Finney Glen R, Minagar Alireza, Heilman Kenneth M
Geisinger Health System Neurology, Wikes-Barre, PA 18711, USA.
Department of Neurology, Louisiana State University Health Sciences Center - Shreveport, 1501 Kings Highway, Shreveport, LA 71130, USA.
Neurol Clin. 2016 Feb;34(1):1-16. doi: 10.1016/j.ncl.2015.08.001.
Assessing the mental status of patients with a neurobehavioral disorder is a critical element in the diagnosis and treatment of these patients. This assessment should always be performed after the patient's history it taken and a general physical as well as a neurologic examination is completed. The mental status examination commences with observing the patient's appearance and level of consciousness. The examiner should also pay attention to patient's social behavior, emotional state and mood. There are 3 major means of assessing a patient's mental status.
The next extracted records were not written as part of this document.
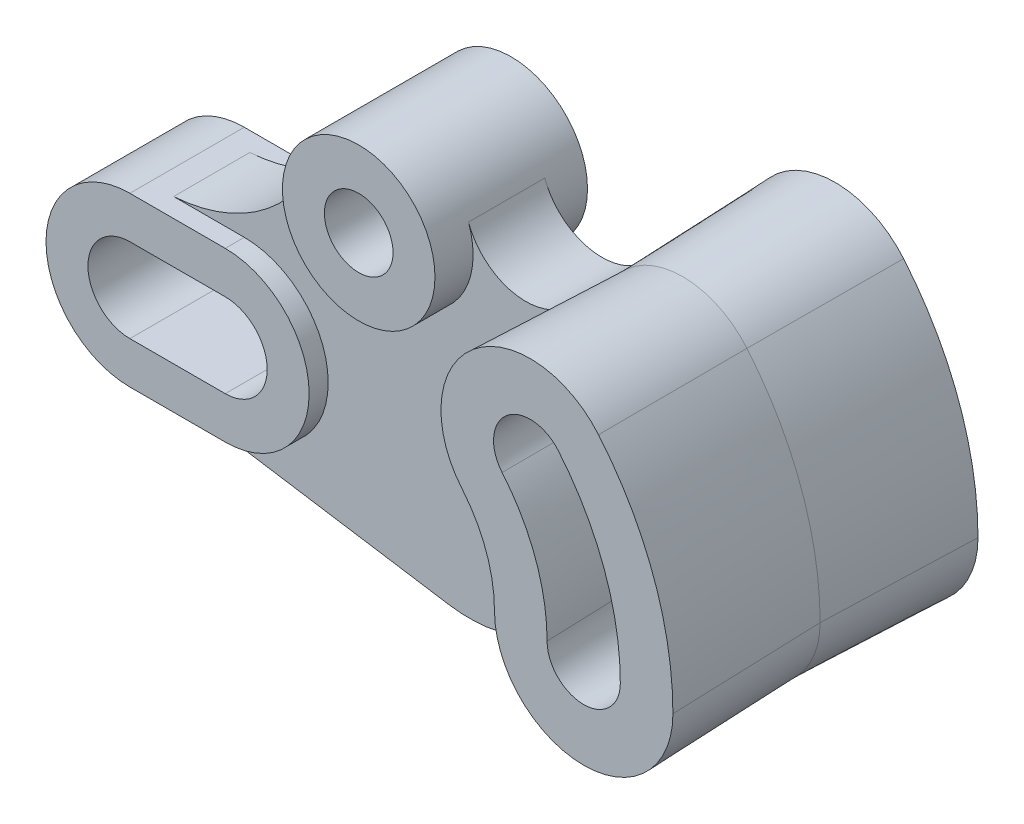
ISO-10303-21;
HEADER;
FILE_DESCRIPTION(('STEP AP214'),'2;1');
FILE_NAME('part.step','',(''),(''),'','','');
FILE_SCHEMA(('AUTOMOTIVE_DESIGN { 1 0 10303 214 1 1 1 1 }'));
ENDSEC;
DATA;
#1=APPLICATION_CONTEXT('core data for automotive mechanical design processes');
#2=APPLICATION_PROTOCOL_DEFINITION('international standard','automotive_design',2000,#1);
#3=PRODUCT_CONTEXT('',#1,'mechanical');
#4=PRODUCT('Part','Part','',(#3));
#5=PRODUCT_RELATED_PRODUCT_CATEGORY('part','',(#4));
#6=PRODUCT_DEFINITION_FORMATION('','',#4);
#7=PRODUCT_DEFINITION_CONTEXT('part definition',#1,'design');
#8=PRODUCT_DEFINITION('design','',#6,#7);
#9=PRODUCT_DEFINITION_SHAPE('','',#8);
#10=(LENGTH_UNIT() NAMED_UNIT(*) SI_UNIT(.MILLI.,.METRE.));
#11=(NAMED_UNIT(*) PLANE_ANGLE_UNIT() SI_UNIT($,.RADIAN.));
#12=(NAMED_UNIT(*) SI_UNIT($,.STERADIAN.) SOLID_ANGLE_UNIT());
#13=UNCERTAINTY_MEASURE_WITH_UNIT(LENGTH_MEASURE(1.E-05),#10,'distance_accuracy_value','');
#14=(GEOMETRIC_REPRESENTATION_CONTEXT(3) GLOBAL_UNCERTAINTY_ASSIGNED_CONTEXT((#13)) GLOBAL_UNIT_ASSIGNED_CONTEXT((#10,
#11,#12)) REPRESENTATION_CONTEXT('',''));
#15=CARTESIAN_POINT('',(0.,0.,0.));
#16=DIRECTION('',(0.,0.,1.));
#17=DIRECTION('',(1.,0.,0.));
#18=AXIS2_PLACEMENT_3D('',#15,#16,#17);
#19=CARTESIAN_POINT('',(111.141666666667,-32.0864186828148,10.));
#20=DIRECTION('',(0.,0.,-1.));
#21=DIRECTION('',(-1.,0.,0.));
#22=AXIS2_PLACEMENT_3D('',#19,#20,#21);
#23=CYLINDRICAL_SURFACE('',#22,16.);
#24=CARTESIAN_POINT('',(119.713796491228,-18.5764745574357,-8.67191904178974E-08));
#25=CARTESIAN_POINT('',(119.696706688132,-18.5656294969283,7.70544047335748E-05));
#26=CARTESIAN_POINT('',(119.679667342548,-18.5548648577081,-0.00186757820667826));
#27=CARTESIAN_POINT('',(119.646319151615,-18.533881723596,-0.00920876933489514));
#28=CARTESIAN_POINT('',(119.630003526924,-18.5236577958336,-0.0145580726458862));
#29=CARTESIAN_POINT('',(119.5932112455,-18.5006905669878,-0.0302988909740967));
#30=CARTESIAN_POINT('',(119.573055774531,-18.4881764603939,-0.0417514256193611));
#31=CARTESIAN_POINT('',(119.534389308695,-18.4642776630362,-0.0682480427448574));
#32=CARTESIAN_POINT('',(119.51588924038,-18.4529004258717,-0.0833138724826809));
#33=CARTESIAN_POINT('',(119.465545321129,-18.4220664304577,-0.129600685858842));
#34=CARTESIAN_POINT('',(119.435623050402,-18.4038983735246,-0.16372184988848));
#35=CARTESIAN_POINT('',(119.37982030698,-18.3702284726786,-0.236206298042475));
#36=CARTESIAN_POINT('',(119.353950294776,-18.3547335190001,-0.274580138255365));
#37=CARTESIAN_POINT('',(119.277405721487,-18.3091369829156,-0.398552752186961));
#38=CARTESIAN_POINT('',(119.23180383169,-18.2823568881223,-0.48843585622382));
#39=CARTESIAN_POINT('',(119.147747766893,-18.2334423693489,-0.672774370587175));
#40=CARTESIAN_POINT('',(119.10932241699,-18.2113266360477,-0.767246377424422));
#41=CARTESIAN_POINT('',(119.036949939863,-18.170016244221,-0.959471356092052));
#42=CARTESIAN_POINT('',(119.003043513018,-18.1508479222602,-1.0572453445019));
#43=CARTESIAN_POINT('',(118.938729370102,-18.1147633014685,-1.25408718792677));
#44=CARTESIAN_POINT('',(118.908314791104,-18.0978425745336,-1.35315206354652));
#45=CARTESIAN_POINT('',(118.821891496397,-18.0500916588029,-1.64830779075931));
#46=CARTESIAN_POINT('',(118.769490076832,-18.0215861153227,-1.84582588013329));
#47=CARTESIAN_POINT('',(118.670864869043,-17.9685491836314,-2.24294531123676));
#48=CARTESIAN_POINT('',(118.624643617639,-17.9440194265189,-2.44254747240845));
#49=CARTESIAN_POINT('',(118.492326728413,-17.8745262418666,-3.04394210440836));
#50=CARTESIAN_POINT('',(118.412758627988,-17.8337572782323,-3.44764529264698));
#51=CARTESIAN_POINT('',(118.264186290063,-17.7589480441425,-4.25535739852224));
#52=CARTESIAN_POINT('',(118.195130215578,-17.7248744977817,-4.65935424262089));
#53=CARTESIAN_POINT('',(118.064047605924,-17.6612337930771,-5.46849024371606));
#54=CARTESIAN_POINT('',(118.00201527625,-17.6316629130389,-5.87362817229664));
#55=CARTESIAN_POINT('',(117.897219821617,-17.5824542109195,-6.58830746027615));
#56=CARTESIAN_POINT('',(117.853384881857,-17.5621275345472,-6.89764746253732));
#57=CARTESIAN_POINT('',(117.768151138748,-17.5230432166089,-7.5168402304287));
#58=CARTESIAN_POINT('',(117.726752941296,-17.5042859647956,-7.82669310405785));
#59=CARTESIAN_POINT('',(117.645962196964,-17.4680705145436,-8.44703957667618));
#60=CARTESIAN_POINT('',(117.606571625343,-17.4506135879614,-8.75753350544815));
#61=CARTESIAN_POINT('',(117.529564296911,-17.4168408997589,-9.37871511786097));
#62=CARTESIAN_POINT('',(117.491947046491,-17.4005248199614,-9.68940272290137));
#63=CARTESIAN_POINT('',(117.455068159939,-17.3846853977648,-10.0002));
#64=B_SPLINE_CURVE_WITH_KNOTS('',3,(#24,#25,#26,#27,#28,#29,#30,#31,#32,#33,#34,#35,#36,#37,#38,
#39,#40,#41,#42,#43,#44,#45,#46,#47,#48,#49,#50,#51,#52,#53,#54,#55,#56,#57,#58,#59,#60,#61,#62,
#63),.UNSPECIFIED.,.F.,.F.,(4,2,2,2,2,2,2,2,2,2,2,2,2,2,2,2,2,2,2,4),(0.,0.0604865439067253,
0.120151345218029,0.198736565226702,0.277807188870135,0.423637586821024,0.569838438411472,
0.881542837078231,1.1944734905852,1.51005546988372,1.82500617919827,2.44372082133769,
3.06268865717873,4.30274528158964,5.5364736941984,6.76917676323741,7.70843683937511,
8.64792948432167,9.58832930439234,10.5284657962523),.UNSPECIFIED.);
#65=CARTESIAN_POINT('',(119.713596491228,-18.5763476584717,0.));
#66=VERTEX_POINT('',#65);
#67=CARTESIAN_POINT('',(117.455091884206,-17.3846955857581,-10.));
#68=VERTEX_POINT('',#67);
#69=EDGE_CURVE('E347',#66,#68,#64,.T.);
#70=ORIENTED_EDGE('',*,*,#69,.F.);
#71=CARTESIAN_POINT('',(119.713796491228,-18.5764745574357,8.67191904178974E-08));
#72=CARTESIAN_POINT('',(119.696706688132,-18.5656294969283,-7.70544047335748E-05));
#73=CARTESIAN_POINT('',(119.679667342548,-18.5548648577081,0.00186757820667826));
#74=CARTESIAN_POINT('',(119.646319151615,-18.533881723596,0.00920876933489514));
#75=CARTESIAN_POINT('',(119.630003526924,-18.5236577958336,0.0145580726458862));
#76=CARTESIAN_POINT('',(119.5932112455,-18.5006905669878,0.0302988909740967));
#77=CARTESIAN_POINT('',(119.573055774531,-18.4881764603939,0.0417514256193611));
#78=CARTESIAN_POINT('',(119.534389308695,-18.4642776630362,0.0682480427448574));
#79=CARTESIAN_POINT('',(119.51588924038,-18.4529004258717,0.0833138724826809));
#80=CARTESIAN_POINT('',(119.465545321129,-18.4220664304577,0.129600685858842));
#81=CARTESIAN_POINT('',(119.435623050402,-18.4038983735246,0.16372184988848));
#82=CARTESIAN_POINT('',(119.37982030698,-18.3702284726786,0.236206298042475));
#83=CARTESIAN_POINT('',(119.353950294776,-18.3547335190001,0.274580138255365));
#84=CARTESIAN_POINT('',(119.277405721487,-18.3091369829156,0.398552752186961));
#85=CARTESIAN_POINT('',(119.23180383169,-18.2823568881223,0.48843585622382));
#86=CARTESIAN_POINT('',(119.147747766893,-18.2334423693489,0.672774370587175));
#87=CARTESIAN_POINT('',(119.10932241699,-18.2113266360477,0.767246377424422));
#88=CARTESIAN_POINT('',(119.036949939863,-18.170016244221,0.959471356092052));
#89=CARTESIAN_POINT('',(119.003043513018,-18.1508479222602,1.0572453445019));
#90=CARTESIAN_POINT('',(118.938729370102,-18.1147633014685,1.25408718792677));
#91=CARTESIAN_POINT('',(118.908314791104,-18.0978425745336,1.35315206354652));
#92=CARTESIAN_POINT('',(118.821891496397,-18.0500916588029,1.64830779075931));
#93=CARTESIAN_POINT('',(118.769490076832,-18.0215861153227,1.84582588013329));
#94=CARTESIAN_POINT('',(118.670864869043,-17.9685491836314,2.24294531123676));
#95=CARTESIAN_POINT('',(118.624643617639,-17.9440194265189,2.44254747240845));
#96=CARTESIAN_POINT('',(118.492326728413,-17.8745262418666,3.04394210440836));
#97=CARTESIAN_POINT('',(118.412758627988,-17.8337572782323,3.44764529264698));
#98=CARTESIAN_POINT('',(118.264186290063,-17.7589480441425,4.25535739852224));
#99=CARTESIAN_POINT('',(118.195130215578,-17.7248744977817,4.65935424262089));
#100=CARTESIAN_POINT('',(118.064047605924,-17.6612337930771,5.46849024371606));
#101=CARTESIAN_POINT('',(118.00201527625,-17.6316629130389,5.87362817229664));
#102=CARTESIAN_POINT('',(117.897219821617,-17.5824542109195,6.58830746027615));
#103=CARTESIAN_POINT('',(117.853384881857,-17.5621275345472,6.89764746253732));
#104=CARTESIAN_POINT('',(117.768151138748,-17.5230432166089,7.5168402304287));
#105=CARTESIAN_POINT('',(117.726752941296,-17.5042859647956,7.82669310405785));
#106=CARTESIAN_POINT('',(117.645962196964,-17.4680705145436,8.44703957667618));
#107=CARTESIAN_POINT('',(117.606571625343,-17.4506135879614,8.75753350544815));
#108=CARTESIAN_POINT('',(117.529564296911,-17.4168408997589,9.37871511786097));
#109=CARTESIAN_POINT('',(117.491947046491,-17.4005248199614,9.68940272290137));
#110=CARTESIAN_POINT('',(117.455068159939,-17.3846853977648,10.0002));
#111=B_SPLINE_CURVE_WITH_KNOTS('',3,(#71,#72,#73,#74,#75,#76,#77,#78,#79,#80,#81,#82,#83,#84,
#85,#86,#87,#88,#89,#90,#91,#92,#93,#94,#95,#96,#97,#98,#99,#100,#101,#102,#103,#104,#105,#106,
#107,#108,#109,#110),.UNSPECIFIED.,.F.,.F.,(4,2,2,2,2,2,2,2,2,2,2,2,2,2,2,2,2,2,2,4),(0.,
0.0604865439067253,0.120151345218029,0.198736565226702,0.277807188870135,0.423637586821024,
0.569838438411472,0.881542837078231,1.1944734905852,1.51005546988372,1.82500617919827,
2.44372082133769,3.06268865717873,4.30274528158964,5.5364736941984,6.76917676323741,
7.70843683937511,8.64792948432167,9.58832930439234,10.5284657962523),.UNSPECIFIED.);
#112=CARTESIAN_POINT('',(117.455091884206,-17.3846955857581,10.));
#113=VERTEX_POINT('',#112);
#114=EDGE_CURVE('E283',#66,#113,#111,.T.);
#115=ORIENTED_EDGE('',*,*,#114,.T.);
#116=CARTESIAN_POINT('',(111.141666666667,-32.0864186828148,10.));
#117=DIRECTION('',(0.,0.,1.));
#118=DIRECTION('',(1.,0.,0.));
#119=AXIS2_PLACEMENT_3D('',#116,#117,#118);
#120=CIRCLE('',#119,16.);
#121=CARTESIAN_POINT('',(98.7050653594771,-22.0200912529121,10.));
#122=VERTEX_POINT('',#121);
#123=EDGE_CURVE('E474',#122,#113,#120,.F.);
#124=ORIENTED_EDGE('',*,*,#123,.F.);
#125=DIRECTION('',(0.,0.,-1.));
#126=VECTOR('',#125,1.);
#127=CARTESIAN_POINT('',(98.7050653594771,-22.0200912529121,10.));
#128=LINE('',#127,#126);
#129=CARTESIAN_POINT('',(98.7050653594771,-22.0200912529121,-10.));
#130=VERTEX_POINT('',#129);
#131=EDGE_CURVE('E445',#122,#130,#128,.T.);
#132=ORIENTED_EDGE('',*,*,#131,.T.);
#133=CARTESIAN_POINT('',(111.141666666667,-32.0864186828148,-10.));
#134=DIRECTION('',(0.,0.,1.));
#135=DIRECTION('',(1.,0.,0.));
#136=AXIS2_PLACEMENT_3D('',#133,#134,#135);
#137=CIRCLE('',#136,16.);
#138=EDGE_CURVE('E417',#130,#68,#137,.F.);
#139=ORIENTED_EDGE('',*,*,#138,.T.);
#140=EDGE_LOOP('',(#70,#115,#124,#132,#139));
#141=FACE_BOUND('',#140,.T.);
#142=ADVANCED_FACE('F30',(#141),#23,.F.);
#143=CARTESIAN_POINT('',(86.3188881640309,60.3402918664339,10.));
#144=DIRECTION('',(0.,0.,-1.));
#145=DIRECTION('',(-1.,0.,0.));
#146=AXIS2_PLACEMENT_3D('',#143,#144,#145);
#147=CYLINDRICAL_SURFACE('',#146,16.);
#148=CARTESIAN_POINT('',(86.3188881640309,60.3402918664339,10.));
#149=DIRECTION('',(0.,0.,1.));
#150=DIRECTION('',(1.,0.,0.));
#151=AXIS2_PLACEMENT_3D('',#148,#149,#150);
#152=CIRCLE('',#151,16.);
#153=CARTESIAN_POINT('',(71.2882712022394,54.8557177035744,10.));
#154=VERTEX_POINT('',#153);
#155=CARTESIAN_POINT('',(97.8065651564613,49.2032690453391,10.));
#156=VERTEX_POINT('',#155);
#157=EDGE_CURVE('E426',#154,#156,#152,.T.);
#158=ORIENTED_EDGE('',*,*,#157,.T.);
#159=CARTESIAN_POINT('',(97.8065471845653,49.2032505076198,10.0002));
#160=CARTESIAN_POINT('',(97.857432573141,49.2557881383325,9.43532356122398));
#161=CARTESIAN_POINT('',(97.9097865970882,49.3104637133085,8.87073606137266));
#162=CARTESIAN_POINT('',(98.0190188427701,49.4263745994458,7.74253909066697));
#163=CARTESIAN_POINT('',(98.0758981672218,49.4876115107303,7.17892989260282));
#164=CARTESIAN_POINT('',(98.1760989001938,49.5973832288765,6.23787319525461));
#165=CARTESIAN_POINT('',(98.2177516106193,49.6435003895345,5.85997209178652));
#166=CARTESIAN_POINT('',(98.3047347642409,49.7410596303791,5.10530579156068));
#167=CARTESIAN_POINT('',(98.3500650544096,49.7925014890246,4.72854054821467));
#168=CARTESIAN_POINT('',(98.4622935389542,49.9216718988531,3.845889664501));
#169=CARTESIAN_POINT('',(98.5312112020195,50.0023217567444,3.34065097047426));
#170=CARTESIAN_POINT('',(98.6603495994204,50.1572197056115,2.49933532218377));
#171=CARTESIAN_POINT('',(98.716164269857,50.2250894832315,2.16144025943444));
#172=CARTESIAN_POINT('',(98.8213091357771,50.3555939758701,1.59928776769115));
#173=CARTESIAN_POINT('',(98.8670011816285,50.4129569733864,1.37325888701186));
#174=CARTESIAN_POINT('',(98.9537535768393,50.5238080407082,0.998765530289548));
#175=CARTESIAN_POINT('',(98.9917613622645,50.572854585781,0.848236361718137));
#176=CARTESIAN_POINT('',(99.074735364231,50.68145449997,0.562744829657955));
#177=CARTESIAN_POINT('',(99.1191461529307,50.7401993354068,0.427390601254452));
#178=CARTESIAN_POINT('',(99.1851511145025,50.8292641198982,0.27590887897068));
#179=CARTESIAN_POINT('',(99.1978277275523,50.8464301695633,0.248532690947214));
#180=CARTESIAN_POINT('',(99.2245469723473,50.8827819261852,0.195639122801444));
#181=CARTESIAN_POINT('',(99.2385949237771,50.9019755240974,0.170129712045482));
#182=CARTESIAN_POINT('',(99.2685737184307,50.9431485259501,0.121730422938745));
#183=CARTESIAN_POINT('',(99.2845320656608,50.9651690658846,0.0988913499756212));
#184=CARTESIAN_POINT('',(99.3183543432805,51.0121246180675,0.0585600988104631));
#185=CARTESIAN_POINT('',(99.3361951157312,51.0370245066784,0.0410112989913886));
#186=CARTESIAN_POINT('',(99.3671667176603,51.0805478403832,0.0189654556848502));
#187=CARTESIAN_POINT('',(99.3797477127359,51.09829942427,0.0120488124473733));
#188=CARTESIAN_POINT('',(99.4056169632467,51.1349640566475,0.00246113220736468));
#189=CARTESIAN_POINT('',(99.4189144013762,51.1538933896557,-0.000120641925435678));
#190=CARTESIAN_POINT('',(99.432258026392,51.1729841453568,1.88334128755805E-07));
#191=B_SPLINE_CURVE_WITH_KNOTS('',3,(#159,#160,#161,#162,#163,#164,#165,#166,#167,#168,#169,
#170,#171,#172,#173,#174,#175,#176,#177,#178,#179,#180,#181,#182,#183,#184,#185,#186,#187,#188,
#189,#190),.UNSPECIFIED.,.F.,.F.,(4,2,2,2,2,2,2,2,2,2,2,2,2,2,2,4),(0.,1.70883434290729,
3.4180863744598,4.56696363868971,5.71579312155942,7.26400978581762,8.31107084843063,
9.02315262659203,9.51158558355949,9.97066619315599,10.0746966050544,10.1791479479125,
10.2853419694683,10.3903553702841,10.4584416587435,10.5279135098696),.UNSPECIFIED.);
#192=CARTESIAN_POINT('',(99.4320580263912,51.1726980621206,0.));
#193=VERTEX_POINT('',#192);
#194=EDGE_CURVE('E400',#156,#193,#191,.T.);
#195=ORIENTED_EDGE('',*,*,#194,.T.);
#196=CARTESIAN_POINT('',(97.8065471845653,49.2032505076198,-10.0002));
#197=CARTESIAN_POINT('',(97.857432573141,49.2557881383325,-9.43532356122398));
#198=CARTESIAN_POINT('',(97.9097865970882,49.3104637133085,-8.87073606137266));
#199=CARTESIAN_POINT('',(98.0190188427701,49.4263745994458,-7.74253909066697));
#200=CARTESIAN_POINT('',(98.0758981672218,49.4876115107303,-7.17892989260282));
#201=CARTESIAN_POINT('',(98.1760989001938,49.5973832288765,-6.23787319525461));
#202=CARTESIAN_POINT('',(98.2177516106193,49.6435003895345,-5.85997209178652));
#203=CARTESIAN_POINT('',(98.3047347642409,49.7410596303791,-5.10530579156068));
#204=CARTESIAN_POINT('',(98.3500650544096,49.7925014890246,-4.72854054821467));
#205=CARTESIAN_POINT('',(98.4622935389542,49.9216718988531,-3.845889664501));
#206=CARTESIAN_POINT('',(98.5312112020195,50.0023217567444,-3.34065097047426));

One type attempts to determine if the patient is demented and the severity of the dementia as it pertains to their ability to perform activities of daily living as well as instrumental activities. A second type of assessment utilizes what may be termed as "screening tests" or "omnibus tests". These brief tests are performed independent of the patient's history and examination. The two most frequently used screening tests are the Mini-Mental Status Examination (MMSE) and the Montreal Cognitive Assessment (MoCA). The third means of assessing a patient's mental status is by using specific neuropsychological tests that focus on specific domains of cognition, such as frontal executive functions, attention, episodic verbal and visuospatial memory, declarative knowledge such as language (speech, reading and writing) and arithmetical, as well as visuospatial and perceptual abilities. These neurobehavioral, neuropsychiatric and neuropsychological assessments of patients with a cognitive decline and behavioral abnormalities should often be accompanied by laboratory tests, and neuroimaging that can help determine the underlying pathologic process so that effective therapeutic and management approaches can be provided.
评估患有神经行为障碍患者的精神状态是这些患者诊断和治疗的关键要素。这种评估应始终在获取患者病史并完成全面体格检查以及神经学检查之后进行。精神状态检查始于观察患者的外貌和意识水平。检查者还应注意患者的社会行为、情绪状态和心境。评估患者精神状态有3种主要方法。一种类型试图确定患者是否患有痴呆症以及痴呆症的严重程度,这与他们进行日常生活活动以及工具性活动的能力有关。第二种评估类型利用可称为“筛查测试”或“综合测试”的方法。这些简短测试独立于患者的病史和检查进行。最常用的两种筛查测试是简易精神状态检查表(MMSE)和蒙特利尔认知评估量表(MoCA)。评估患者精神状态的第三种方法是使用专注于特定认知领域的特定神经心理学测试,例如额叶执行功能、注意力、情景言语和视觉空间记忆、陈述性知识(如语言(言语、阅读和写作)和算术)以及视觉空间和感知能力。对认知能力下降和行为异常患者的这些神经行为、神经精神和神经心理学评估通常应伴有实验室检查以及神经影像学检查,这有助于确定潜在的病理过程,从而提供有效的治疗和管理方法。